# '02 Pontiac Grand Prix SE Electrical Problems



## rs2sensen (Feb 25, 2010)

My battery has died on me 4 times during the past week, and I determined my alternator had gone bad, as it was only putting out 12.5 volts. I ordered a new alternator and installed it last night. The old alternator was definitely bad, as there was evidence of a short in the wire leading into the alternator, which melted away half of the bolt it was attached to. *Pictures included* 

I'm not a mechanic by any means, but tried to give the alternator replacement a shot on my own. I got everything together, and when I first tried to start the engine the starter clicked twice and then went dead. 5 minutes later, when I tried again, the engine started up right away, but I noticed the serpentine belt wasn't moving. I assumed I had made a mistake with the auto tensioner, and I tightened the belt. I did check every pulley, and they were all good. I THINK I fixed this problem by tightening the belt, as now when I move any pulley by hand, the belt moves. 
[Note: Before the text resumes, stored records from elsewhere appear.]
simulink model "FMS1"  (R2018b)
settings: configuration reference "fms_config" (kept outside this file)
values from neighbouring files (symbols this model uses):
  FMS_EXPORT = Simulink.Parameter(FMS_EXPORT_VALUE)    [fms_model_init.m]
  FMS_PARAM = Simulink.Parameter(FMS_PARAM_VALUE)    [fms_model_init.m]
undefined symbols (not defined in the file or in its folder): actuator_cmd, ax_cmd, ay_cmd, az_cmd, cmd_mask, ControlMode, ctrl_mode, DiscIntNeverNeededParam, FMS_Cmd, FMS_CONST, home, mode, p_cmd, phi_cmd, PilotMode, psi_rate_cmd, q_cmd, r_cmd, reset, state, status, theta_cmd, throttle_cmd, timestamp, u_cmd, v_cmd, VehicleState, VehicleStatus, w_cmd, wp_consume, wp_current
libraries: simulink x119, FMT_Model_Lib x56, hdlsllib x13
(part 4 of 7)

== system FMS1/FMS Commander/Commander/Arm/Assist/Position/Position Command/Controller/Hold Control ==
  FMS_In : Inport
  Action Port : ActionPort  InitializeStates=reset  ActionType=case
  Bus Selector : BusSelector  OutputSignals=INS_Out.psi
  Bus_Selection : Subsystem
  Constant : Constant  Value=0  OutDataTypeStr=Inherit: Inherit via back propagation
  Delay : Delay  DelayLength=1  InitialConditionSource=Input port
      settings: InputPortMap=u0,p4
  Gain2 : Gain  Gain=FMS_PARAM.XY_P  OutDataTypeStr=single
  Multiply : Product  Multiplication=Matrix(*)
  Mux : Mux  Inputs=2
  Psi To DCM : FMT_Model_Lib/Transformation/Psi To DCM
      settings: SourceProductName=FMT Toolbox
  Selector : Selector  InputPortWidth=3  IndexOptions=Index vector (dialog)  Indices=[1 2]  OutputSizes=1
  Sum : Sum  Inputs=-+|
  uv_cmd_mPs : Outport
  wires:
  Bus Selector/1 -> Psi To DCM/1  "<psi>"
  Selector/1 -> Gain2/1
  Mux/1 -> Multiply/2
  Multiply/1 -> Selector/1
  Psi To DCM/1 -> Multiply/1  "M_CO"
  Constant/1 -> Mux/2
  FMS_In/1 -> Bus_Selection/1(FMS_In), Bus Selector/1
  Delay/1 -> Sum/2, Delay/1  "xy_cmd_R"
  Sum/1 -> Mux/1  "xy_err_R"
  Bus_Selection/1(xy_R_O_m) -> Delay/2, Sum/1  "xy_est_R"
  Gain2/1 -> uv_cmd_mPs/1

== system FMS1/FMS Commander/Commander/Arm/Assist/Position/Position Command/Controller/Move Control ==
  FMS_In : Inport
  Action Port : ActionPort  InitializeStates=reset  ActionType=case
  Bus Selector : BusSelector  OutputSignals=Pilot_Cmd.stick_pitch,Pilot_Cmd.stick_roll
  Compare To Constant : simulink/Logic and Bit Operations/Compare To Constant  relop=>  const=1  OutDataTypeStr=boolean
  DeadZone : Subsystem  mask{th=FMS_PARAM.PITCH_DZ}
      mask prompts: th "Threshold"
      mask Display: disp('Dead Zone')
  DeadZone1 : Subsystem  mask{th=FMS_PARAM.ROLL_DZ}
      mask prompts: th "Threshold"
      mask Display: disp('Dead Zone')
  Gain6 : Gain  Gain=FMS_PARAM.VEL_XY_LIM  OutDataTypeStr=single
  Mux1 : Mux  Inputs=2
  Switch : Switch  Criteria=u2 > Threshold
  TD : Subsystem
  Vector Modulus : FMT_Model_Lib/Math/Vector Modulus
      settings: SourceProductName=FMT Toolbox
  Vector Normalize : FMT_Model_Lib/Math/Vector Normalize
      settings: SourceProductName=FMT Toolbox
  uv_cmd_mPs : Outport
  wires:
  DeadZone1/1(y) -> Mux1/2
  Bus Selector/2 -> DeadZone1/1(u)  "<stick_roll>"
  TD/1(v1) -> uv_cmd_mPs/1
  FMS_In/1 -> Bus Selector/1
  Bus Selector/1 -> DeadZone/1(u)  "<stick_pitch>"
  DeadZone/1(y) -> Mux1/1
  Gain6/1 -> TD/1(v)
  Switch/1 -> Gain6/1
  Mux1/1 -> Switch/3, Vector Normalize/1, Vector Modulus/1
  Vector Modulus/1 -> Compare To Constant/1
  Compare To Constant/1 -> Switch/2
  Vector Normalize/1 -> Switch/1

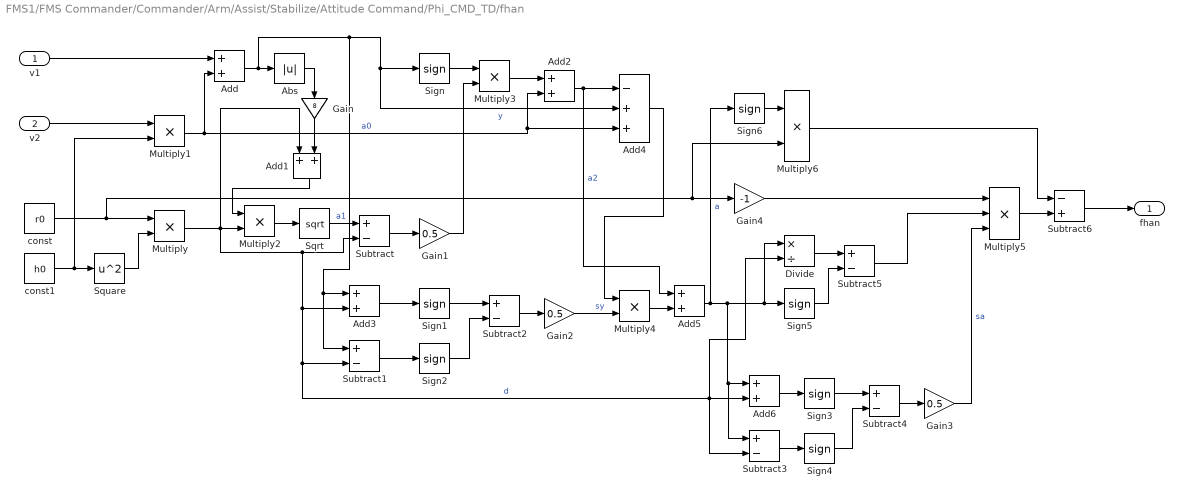
== system FMS1/FMS Commander/Commander/Arm/Assist/Stabilize/Attitude Command/Phi_CMD_TD/fhan  ==
  v1 : Inport
  v2 : Inport  Port=2
  Abs : Abs
  Add{,1..3,5..6} (6 alike) : Sum  OutDataTypeStr=Inherit: Same as first input
  Add4 : Sum  Inputs=-++
  Divide : Product  Inputs=*/
  Gain : Gain  Gain=8
  Gain1 : Gain  Gain=0.5  OutDataTypeStr=Inherit: Same as input
  Gain2 : Gain  Gain=0.5  OutDataTypeStr=Inherit: Same as input
  Gain3 : Gain  Gain=0.5  OutDataTypeStr=Inherit: Same as input
  Gain4 : Gain  Gain=-1  OutDataTypeStr=Inherit: Same as input
  Multiply{,1..3} (4 alike) : Product  OutDataTypeStr=Inherit: Same as first input
  Multiply4 : Product  OutDataTypeStr=single
  Multiply5 : Product  Inputs=3
  Multiply6 : Product  OutDataTypeStr=single
  Sign{,1..6} (7 alike) : Signum
  Sqrt : Sqrt  SaturateOnIntegerOverflow=on
  Square : Math  Operator=square  SaturateOnIntegerOverflow=on
  Subtract{,1..5} (6 alike) : Sum  Inputs=+-  OutDataTypeStr=Inherit: Same as first input
  Subtract6 : Sum  Inputs=-+  OutDataTypeStr=Inherit: Same as first input
  const : Constant  Value=r0  OutDataTypeStr=single
  const1 : Constant  Value=h0  OutDataTypeStr=single
  fhan : Outport
  wires:
  v1/1 -> Add/1
  Sign/1 -> Multiply3/1
  Gain2/1 -> Multiply4/2  "sy"
  v2/1 -> Multiply1/1
  Gain3/1 -> Multiply5/3  "sa"
  Subtract/1 -> Gain1/1
  Subtract6/1 -> fhan/1
  Sign2/1 -> Subtract2/2
  Sign4/1 -> Subtract4/2
  Abs/1 -> Gain/1
  Add4/1 -> Multiply4/1
  Sign5/1 -> Subtract5/2
  Sqrt/1 -> Subtract/1  "a1"
  Subtract3/1 -> Sign4/1
  Add1/1 -> Multiply2/1
  Subtract1/1 -> Sign2/1
  Divide/1 -> Subtract5/1
  Multiply3/1 -> Add2/1
  Gain/1 -> Add1/2
  const/1 -> Multiply6/2, Gain4/1, Multiply/1
  Add3/1 -> Sign1/1
  Subtract5/1 -> Multiply5/2
  Multiply4/1 -> Add5/2
  const1/1 -> Multiply1/2, Square/1
  Add5/1 -> Sign6/1, Sign5/1, Divide/1, Subtract3/1, Add6/1  "a"
  Multiply1/1 -> Add4/3, Add2/2, Add/2  "a0"
  Add/1 -> Subtract1/1, Add3/1, Add4/2, Sign/1, Abs/1  "y"
  Subtract2/1 -> Gain2/1
  Add2/1 -> Add4/1, Add5/1  "a2"
  Subtract4/1 -> Gain3/1
  Gain4/1 -> Multiply5/1
  Multiply5/1 -> Subtract6/2
  Sign6/1 -> Multiply6/1
  Sign3/1 -> Subtract4/1
  Add6/1 -> Sign3/1
  Multiply/1 -> Subtract/2, Divide/2, Subtract3/2, Add6/2, Subtract1/2, Add3/2, Add1/1, Multiply2/2  "d"
  Multiply6/1 -> Subtract6/1
  Gain1/1 -> Multiply3/2
  Square/1 -> Multiply/2
  Multiply2/1 -> Sqrt/1
  Sign1/1 -> Subtract2/1

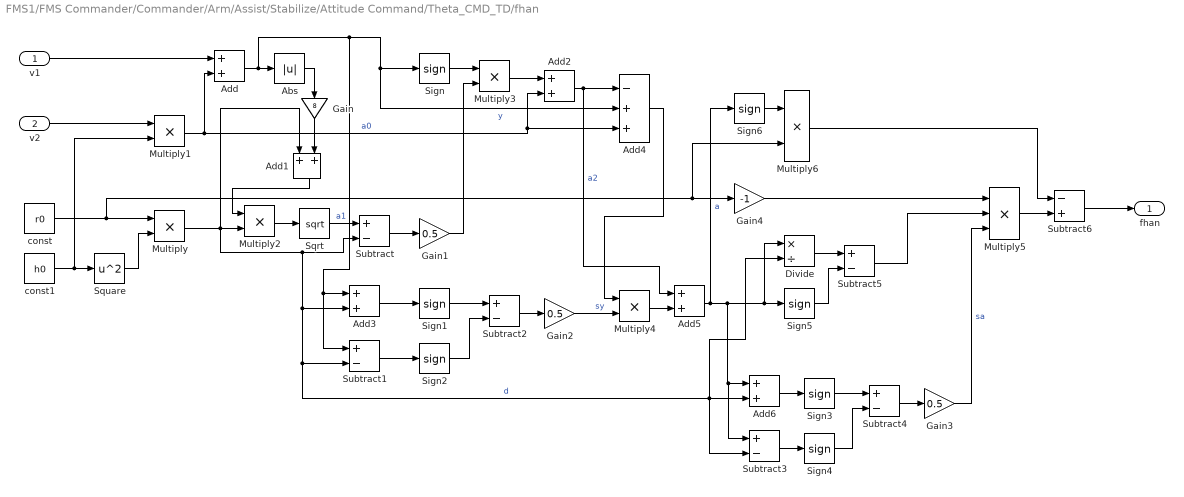
== system FMS1/FMS Commander/Commander/Arm/Assist/Stabilize/Attitude Command/Theta_CMD_TD/fhan  ==
  v1 : Inport
  v2 : Inport  Port=2
  Abs : Abs
  Add{,1..3,5..6} (6 alike) : Sum  OutDataTypeStr=Inherit: Same as first input
  Add4 : Sum  Inputs=-++
  Divide : Product  Inputs=*/
  Gain : Gain  Gain=8
  Gain1 : Gain  Gain=0.5  OutDataTypeStr=Inherit: Same as input
  Gain2 : Gain  Gain=0.5  OutDataTypeStr=Inherit: Same as input
  Gain3 : Gain  Gain=0.5  OutDataTypeStr=Inherit: Same as input
  Gain4 : Gain  Gain=-1  OutDataTypeStr=Inherit: Same as input
  Multiply{,1..3} (4 alike) : Product  OutDataTypeStr=Inherit: Same as first input
  Multiply4 : Product  OutDataTypeStr=single
  Multiply5 : Product  Inputs=3
  Multiply6 : Product  OutDataTypeStr=single
  Sign{,1..6} (7 alike) : Signum
  Sqrt : Sqrt  SaturateOnIntegerOverflow=on
  Square : Math  Operator=square  SaturateOnIntegerOverflow=on
  Subtract{,1..5} (6 alike) : Sum  Inputs=+-  OutDataTypeStr=Inherit: Same as first input
  Subtract6 : Sum  Inputs=-+  OutDataTypeStr=Inherit: Same as first input
  const : Constant  Value=r0  OutDataTypeStr=single
  const1 : Constant  Value=h0  OutDataTypeStr=single
  fhan : Outport
  wires:
  v1/1 -> Add/1
  Sign/1 -> Multiply3/1
  Gain2/1 -> Multiply4/2  "sy"
  v2/1 -> Multiply1/1
  Gain3/1 -> Multiply5/3  "sa"
  Subtract/1 -> Gain1/1
  Subtract6/1 -> fhan/1
  Sign2/1 -> Subtract2/2
  Sign4/1 -> Subtract4/2
  Abs/1 -> Gain/1
  Add4/1 -> Multiply4/1
  Sign5/1 -> Subtract5/2
  Sqrt/1 -> Subtract/1  "a1"
  Subtract3/1 -> Sign4/1
  Add1/1 -> Multiply2/1
  Subtract1/1 -> Sign2/1
  Divide/1 -> Subtract5/1
  Multiply3/1 -> Add2/1
  Gain/1 -> Add1/2
  const/1 -> Multiply6/2, Gain4/1, Multiply/1
  Add3/1 -> Sign1/1
  Subtract5/1 -> Multiply5/2
  Multiply4/1 -> Add5/2
  const1/1 -> Multiply1/2, Square/1
  Add5/1 -> Sign6/1, Sign5/1, Divide/1, Subtract3/1, Add6/1  "a"
  Multiply1/1 -> Add4/3, Add2/2, Add/2  "a0"
  Add/1 -> Subtract1/1, Add3/1, Add4/2, Sign/1, Abs/1  "y"
  Subtract2/1 -> Gain2/1
  Add2/1 -> Add4/1, Add5/1  "a2"
  Subtract4/1 -> Gain3/1
  Gain4/1 -> Multiply5/1
  Multiply5/1 -> Subtract6/2
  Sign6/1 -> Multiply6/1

Please note, I did have trouble getting one of the alternate bolts ALL the way in, but it is mostly in and the alternator is held very firmly. Also, the engine was replaced 4 months ago due to a crack in the block. Is it possible that something the mechanics did now (pinching a major wire or something), could have caused the short on the old alternator, and the problems I'm having now?

HERE'S THE MAIN PROBLEM:... Now, when I went back to start the engine again, all of my power is completely dead. No lights turn on, my automatic locks don't work, etc. I have verified that my battery is completely charged. 

If you have any ideas, I would really appreciate them. Please speak in laymans terms as much as possible. 

Thank you! I really appreciate it!


----------



## wolfen1086 (Oct 4, 2007)

First make sure ALL the bolts are tightened properly of they will break off in the engine (you don't wanna know how much that costs to fix), Tightening the tension pulley was a good thing, a loose belt slips and doesn't function properly, as for the power, check each and every wire you took off to make sure NOTHING it touching anything its not supposed to touch. Also being a GM product it IS possible that the alt took the battery with it when it died, older GM's would ofter drain the battery to the point it would no longer hold a charge when the alt died, I don;t know if they ever fixed that.

Oh BTW Hi welcome to the best forum on the internet


----------



## octaneman (May 13, 2009)

Hi rs2sensen

Check all the fusible links to the starter, the starter has the main wire plus 2 or sometimes 3 other wires connected to the solenoid main bolt. Fusible links are wires that have fuses embedded with it, you will need a test light to verify that power is going through them. Replace as necessary.


post back your findings.


----------



## SABL (Jul 4, 2008)

In addition to checking for fuse links also look for dead relays or blown fuses in the Power Distribution Box under the hood.


----------



## wolfen1086 (Oct 4, 2007)

And in addition to what octaneman said replace a bad fusible link with a exact replacement, DO NOT under ANY circumstances place a normal wire in place of the link, if the link blew, it blew for a reason, a solid wire van burn something up that you really don;t want burnt up.


----------



## rs2sensen (Feb 25, 2010)

Hey guys, 
I took my battery out again and had it re-tested. This time, the CCA were good, but the voltage was gone. The parts shop gave me a loaner battery to try out in my car, and on that battery, it fired right up. 

However, my serpentine belt doesn't want to move. This is the original belt that was on the car before I changed it out, as it was replaced a few months ago. My first guess is my auto tensioner has gone bad. I know my routing is perfect. Any other ideas?


----------



## SABL (Jul 4, 2008)

That battery will die too and show low voltage if the belt is not turning the alternator. There is no tension at all??


----------



## Wrench97 (May 10, 2008)

Take the belt off and make sure all the pulleys spin freely by hand except of course the crankshaft pulley which should not spin.


----------



## rs2sensen (Feb 25, 2010)

Got her running! 

New tensioner and belt did the trick. My theory is that as the tensioner went bad, it also caused strain on the alternator which in turn strained the battery. The battery likely developed an internal short, causing the short on the alternator. 

Thanks for the help everyone!


----------



## wolfen1086 (Oct 4, 2007)

Well............if you changed the tensioner and the problem went away, I'm pretty sure the problem was the tensioner  congrats man.


----------